The record links to 1 condition, with Alcohol Use Disorder appearing as the primary indexed condition, and to 2 interventions — of which Placebo is the first listed. Interventions can include drugs, devices, procedures, behavioral programs, or observational arms, and each is tracked as a separate registry field so that downstream queries can filter accurately. When a trial lists multiple interventions, it usually reflects a multi-arm design or a comparison protocol rather than a single treatment being tested in isolation. The brief summary published in the registry is the clearest source of protocol intent and should be read before drawing conclusions from any sidebar tags.
Geographic footprint matters for practical reasons: NCT06269627 reports 1 study location spanning 1 distinct geographic area — top geographies include Maryland. A larger site network tends to correlate with broader recruitment capacity, but it does not imply anything about study quality, and site-level enrollment status can diverge from the overall registry status shown above. Every data point on this page comes from the public ClinicalTrials.gov dataset and is reproduced here for reference only; it is not a medical recommendation, an endorsement of the sponsor, or an invitation to enroll. Verify current status, eligibility criteria, and contact details directly at ClinicalTrials.gov, and discuss any participation decision with your own healthcare provider.

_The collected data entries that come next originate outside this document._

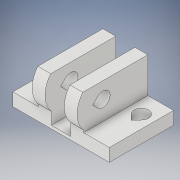
# Autodesk Inventor part: Y-axis Belt Return
Saved by Autodesk Inventor 2018 (Build 220112000, 112)
## iProperties
Created: 2013-10-27
Part Number: Y-axis Belt Return
Material: ASA Plastic
Document SubType Name: Modeling
Designer: Gabriel Smolnycki
Mass: 4.07913 g
Surface Area: 28.7974 cm^2
Volume: 3.81227 cm^3
Density: 1.07 g/cm^3
Appearance: Smooth - White ASA
Sending System: SolidWorks 2017
Last Author: Gabriel Smolnycki
Last Saved: 2017-09-14
Author: Gabriel Smolnycki
Autodesk Inventor part; units mm, degrees
ref_plane "XZ Plane" through (0, 0, 0) normal (0, 1, 0) x (-1, 0, 0)
ref_plane "Work Plane1" through (-15, 0, 0) normal (1, 0, 0) x (0, 1, 0)
sketch "Sketch1" plane through (-15, 0, 0) normal (1, 0, 0) x (0, 1, 0)
  line L0 (0, 20) -> (0, 0)
  arc A0 (15, 20.245) -> (4.7085, 20) centre (10, 14) ccw
  line L1 (15, 0) -> (15, 20.245)
  line L2 (15, 0) -> (0, 0)
  line L3 (4.7085, 20) -> (0, 20)
  constraints: 8 end point, 2 horizontal, 2 point on circle, 2 vertical, 1 centre point
extrude "Extrusion8" add sketch "Sketch1" along normal blind 30
sketch "Sketch2" plane through (15, 0, 0) normal (1, 0, 0) x (0, 0, -1)
  line L0 (-20.245, 15) -> (0, 15)
  line L1 (-20, 4) -> (-20, 4.7085)
  line L2 (0, 4) -> (0, 15)
  arc A0 (-20.245, 15) -> (-20, 4.7085) centre (-14, 10) ccw
  line L3 (-20, 4) -> (0, 4)
  constraints: 8 end point, 2 horizontal, 2 point on circle, 2 vertical, 1 centre point
extrude "Extrusion7" cut sketch "Sketch2" against normal blind 8
sketch "Sketch3" plane through (-15, 0, 0) normal (1, 0, 0) x (0, 1, 0)
  line L0 (4.7085, 20) -> (4, 20)
  line L1 (15, 20.245) -> (15, 0)
  line L2 (4, 20) -> (4, 0)
  arc A0 (15, 20.245) -> (4.7085, 20) centre (10, 14) ccw
  line L3 (15, 0) -> (4, 0)
  constraints: 8 end point, 2 horizontal, 2 point on circle, 2 vertical, 1 centre point
extrude "Extrusion6" cut sketch "Sketch3" along normal blind 8
ref_plane "Work Plane2" through (-3, 0, 0) normal (1, 0, 0) x (0, 1, 0)
sketch "Sketch4" plane through (-3, 0, 0) normal (1, 0, 0) x (0, 1, 0)
  arc A0 (15, 20.245) -> (4.7085, 20) centre (10, 14) ccw
  arc A1 (1, 14) -> (4, 7.2918) centre (10, 14) ccw
  line L0 (15, 20.245) -> (15, 0)
  line L1 (4.7085, 20) -> (1, 20)
  line L2 (4, 7.2918) -> (4, 0)
  line L3 (1, 20) -> (1, 14)
  line L4 (15, 0) -> (4, 0)
  constraints: 10 end point, 4 point on circle, 3 vertical, 2 centre point, 2 horizontal
extrude "Extrusion5" cut sketch "Sketch4" along normal blind 6
sketch "Sketch5" plane through (-3, 4, 7.2918) normal (0, 1, 0) x (1, 0, 0)
  arc A0 (-6.409, -0.2992) -> (-9.591, -0.2992) centre (-8, 1.2918) ccw
  line L0 (-8, -1.8902) -> (-6.409, -0.2992)
  line L1 (-9.591, -0.2992) -> (-8, -1.8902)
  constraints: 4 end point, 2 perpendicular, 2 point on circle, 1 centre point
extrude "Extrusion4" cut sketch "Sketch5" against normal blind 4
sketch "Sketch6" plane through (0, 0, 0) normal (0, 1, 0) x (-1, 0, 0)
  line L0 (-9.409, 7.591) -> (-11, 9.182)
  arc A0 (-12.591, 7.591) -> (-9.409, 7.591) centre (-11, 6) ccw
  line L1 (-11, 9.182) -> (-12.591, 7.591)
  constraints: 4 end point, 2 perpendicular, 2 point on circle, 1 centre point
extrude "Extrusion3" cut sketch "Sketch6" along normal blind 4
sketch "Sketch7" plane through (7, 0, 0) normal (1, 0, 0) x (0, 0, -1)
  arc A0 (-15.591, 8.409) -> (-15.591, 11.591) centre (-14, 10) ccw
  line L0 (-17.182, 10) -> (-15.591, 8.409)
  line L1 (-15.591, 11.591) -> (-17.182, 10)
  constraints: 4 end point, 2 perpendicular, 2 point on circle, 1 centre point
extrude "Extrusion2" cut sketch "Sketch7" against normal blind 4
sketch "Sketch8" plane through (-3, 0, 0) normal (1, 0, 0) x (0, 1, 0)
  arc A0 (8.409, 15.591) -> (11.591, 15.591) centre (10, 14) ccw
  line L0 (8.409, 15.591) -> (10, 17.182)
  line L1 (10, 17.182) -> (11.591, 15.591)
  constraints: 4 end point, 2 perpendicular, 2 point on circle, 1 centre point
extrude "Extrusion1" cut sketch "Sketch8" against normal blind 4 draft 0
body "Solid3"
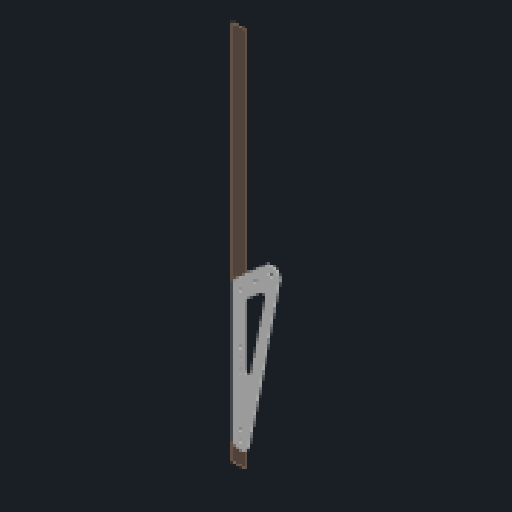
# Autodesk Inventor part: Part3
Saved by Autodesk Inventor 2025 (Build 290162010, 162A)
## iProperties
Created: 2025-11-04
Part Number: Part3
Material: Generic
Document SubType Name: Modeling
Designer: jasper
Density: 1 g/cm^3
Appearance: Default
Author: jasper
Autodesk Inventor part; units mm, degrees
ref_plane "YZ Plane" through (0, 0, 0) normal (1, 0, 0) x (0, 1, 0)
ref_plane "XZ Plane" through (0, 0, 0) normal (0, 1, 0) x (-1, 0, 0)
ref_plane "XY Plane" through (0, 0, 0) normal (0, 0, 1) x (1, 0, 0)
ref_plane "Work Plane1" through (0, 0, 0) normal (0, 0, 1) x (1, 0, 0)
sketch "Sketch1" plane through (0, 0, 0) normal (0, 0, 1) x (1, 0, 0)
  circle A0 centre (12.7, -209.55) radius 2.1844 projected
  circle A1 centre (12.7, -196.85) radius 2.1844 projected
  circle A2 centre (12.7, -133.35) radius 2.1844 projected
  circle A3 centre (12.7, -120.65) radius 2.1844 projected
  circle A4 centre (12.7, -107.95) radius 2.1844 projected
  circle A5 centre (12.7, -44.45) radius 2.1844 projected
  circle A6 centre (31.6579, -27.5456) radius 2.1844 projected
  circle A7 centre (50.6158, -10.6412) radius 2.1844 projected
  line L0 (2.3114, 215.9) -> (2.3114, -215.9) construction
  circle A8 centre (12.7, -209.55) radius 10.3886
  circle A9 centre (12.7, -44.45) radius 10.3886
  circle A10 centre (50.6158, -10.6412) radius 10.3886
  line L1 (60.8206, -12.5864) -> (22.9049, -211.4952)
  line L2 (2.3114, -209.55) -> (2.3114, -44.45)
  line L3 (43.7019, -2.8874) -> (5.7861, -36.6962)
  line L4 (48.3453, -10.2084) -> (10.4295, -209.1172)
  line L5 (21.59, -208.514) -> (21.59, -43.414)
  line L6 (57.5635, -18.4329) -> (18.0129, -53.6994)
  line L7 (19.05, -39.0398) -> (19.05, -100.5078) projected
  point P0 (0, 0)
  point P1 (21.59, -150.5683)
  point P2 (21.59, -50.5098)
  point P3 (44.5688, -30.02)
  dimension "d0" = 20.7772
  dimension "d1" = 20.7772
  dimension "d2" = 20.828
  dimension "d3" = 12.7
  dimension "d8" = 2.54
  constraints: 12 end point, 6 point on circle, 5 tangent, 3 centre point, 3 coincident, 3 parallel, 2 point on line
  measures "d0" diameter of A9
  measures "d1" diameter of A10
  measures "d2" distance between parallel lines of L6 L3
  measures "d3" distance between parallel lines of L1 L4
  measures "d8" distance between parallel lines of L5 L7
extrude "Extrusion1" add sketch "Sketch1" along normal blind 1.5875 contours A1 L4 L5 A8 | A1 L4 A8 L2 A9 L7 L6 L5 | L4 A10 L1 A8 L5 | A8 | L6 L5 A9 L3 A10 L4 | L6 L7 A9 L5 | A10 | A9
fillet "Fillet1" radius 3.175 3 edges at (21.59, -150.5683, 0.7937) (21.59, -50.5098, 0.7937) (44.5688, -30.02, 0.7937)
body "Solid1"
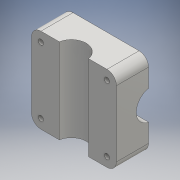
# Autodesk Inventor part: Middle
Saved by Autodesk Inventor 2016 (Build 200138000, 138)
## iProperties
Created: 2017-02-05
Part Number: Middle
Material: PC/ABS Plastic
Document SubType Name: Modeling
Designer: Liquid Metal Printer
Density: 0.357273 g/cm^3
Appearance: Smooth - White
Author: Liquid Metal Printer
Autodesk Inventor part; units mm, degrees
ref_plane "YZ Plane" through (0, 0, 0) normal (1, 0, 0) x (0, 1, 0)
ref_plane "XZ Plane" through (0, 0, 0) normal (0, 1, 0) x (-1, 0, 0)
ref_plane "XY Plane" through (0, 0, 0) normal (0, 0, 1) x (1, 0, 0)
sketch "Sketch1" plane through (0, 0, 0) normal (0, 1, 0) x (-1, 0, 0)
  line L0 (45, -5) -> (45, -14.75)
  line L1 (45, -14.75) -> (45, -30.25)
  line L2 (45, -30.25) -> (45, -40)
  arc A0 (40, -45) -> (45, -40) centre (40, -40) ccw
  circle A1 centre (40, -40) radius 1.375
  circle A2 centre (40, -5) radius 1.375
  arc A3 (45, -5) -> (40, 0) centre (40, -5) ccw
  line L3 (5, 0) -> (40, 0)
  circle A4 centre (5, -5) radius 1.375
  arc A5 (5, 0) -> (0, -5) centre (5, -5) ccw
  line L4 (0, -14.75) -> (0, -5)
  line L5 (0, -30.25) -> (0, -14.75)
  line L6 (0, -40) -> (0, -30.25)
  arc A6 (0, -40) -> (5, -45) centre (5, -40) ccw
  line L7 (40, -45) -> (5, -45)
  circle A7 centre (5, -40) radius 1.375
  point P0 (0, 0)
  point P1 (0, 0)
  constraints: 16 end point, 8 centre point, 8 point on circle
extrude "Extrusion1" add sketch "Sketch1" along normal blind 17
sketch "Sketch2" plane through (0, 0, -5) normal (1, 0, 0) x (0, 0, -1)
  line L0 (35, 0) -> (0, 0) projected
  line L1 (35, 0) -> (35, 17) projected
  line L2 (0, 17) -> (35, 17) projected
  line L3 (0, 0) -> (0, 17) projected
  line L4 (-5, 0) -> (-5, 17) projected
  line L5 (40, 0) -> (35, 0) projected
  line L6 (40, 0) -> (40, 17) projected
  line L7 (35, 17) -> (40, 17) projected
  line L8 (35, 0) -> (35, 17) projected
  line L9 (0, 0) -> (-5, 0) projected
  line L10 (0, 0) -> (0, 17) projected
  line L11 (-5, 17) -> (0, 17) projected
  line L12 (-5, 0) -> (-5, 17) projected
  line L13 (35, 17) -> (0, 17) projected
  line L14 (0, 0) -> (35, 0) projected
  line L15 (17.5, 17) -> (25.25, 17)
  line L16 (25.25, 17) -> (9.75, 17)
  line L17 (17.5, 17) -> (17.5, 10.5)
  arc A0 (9.75, 17) -> (25.25, 17) centre (17.5, 18.3702) ccw
  dimension "d8" = 7.75
  dimension "d9" = 15.5
  dimension "d10" = 6.5
  constraints: 6 end point, 3 point on circle, 2 point on line, 1 centre point, 1 midpoint, 1 perpendicular
  measures "d8" distance of L15.start L15.end
  measures "d9" distance of L15.end L16.end
  measures "d10" distance of L15.start L17.end
extrude "Extrusion2" cut sketch "Sketch2" against normal blind 45 contours A0 L17 L2 | L2 L17 A0
sketch "Sketch3" plane through (-40, 0, 0) normal (0, 0, 1) x (1, 0, 0)
  line L0 (35, 0) -> (0, 0) projected
  line L1 (35, 0) -> (35, 17) projected
  line L2 (0, 17) -> (35, 17) construction
  line L3 (0, 0) -> (0, 17) projected
  line L4 (17.5, 0) -> (9.75, 0)
  line L5 (9.75, 0) -> (25.25, 0)
  line L6 (17.5, 0) -> (17.5, 6.5)
  arc A0 (25.25, 0) -> (9.75, 0) centre (17.5, -1.3702) ccw
  line L7 (35, 0) -> (0, 0) projected
  point P0 (40, 0)
  point P1 (17.5, 0)
  dimension "d13" = 7.75
  dimension "d14" = 15.5
  dimension "d15" = 6.5
  constraints: 6 end point, 3 point on circle, 1 centre point, 1 midpoint, 1 perpendicular
  measures "d13" distance of L4.start L4.end
  measures "d14" distance of L4.end L5.end
  measures "d15" distance of L4.start L6.end
extrude "Extrusion3" cut sketch "Sketch3" against normal blind 45
body "Solid1"

Frequently Asked Questions
What is clinical trial NCT06269627 about?
NCT06269627 is a clinical study titled "Temporally-Resolved Electrophysiology of Acamprosate Treatment of Alcohol Use Disorder". Background: Chronic heavy drinking can cause alcohol use disorder (AUD). AUD changes how the brain works. People with AUD may drink compulsively or feel like they cannot control their alcohol use. Acamprosate is an FDA-approved drug that reduces anxiety and craving in some, but not all, people with...
What is the current status of trial NCT06269627?
This trial is currently recruiting. It is a Phase 4 study. The enrollment target is 48 participants. The study started on 2025-05-07. Estimated completion is 2026-12-31.
What conditions does trial NCT06269627 study?
This clinical trial studies the following conditions: Alcohol Use Disorder. These conditions were identified from the trial registry and reflect the primary focus areas of the research.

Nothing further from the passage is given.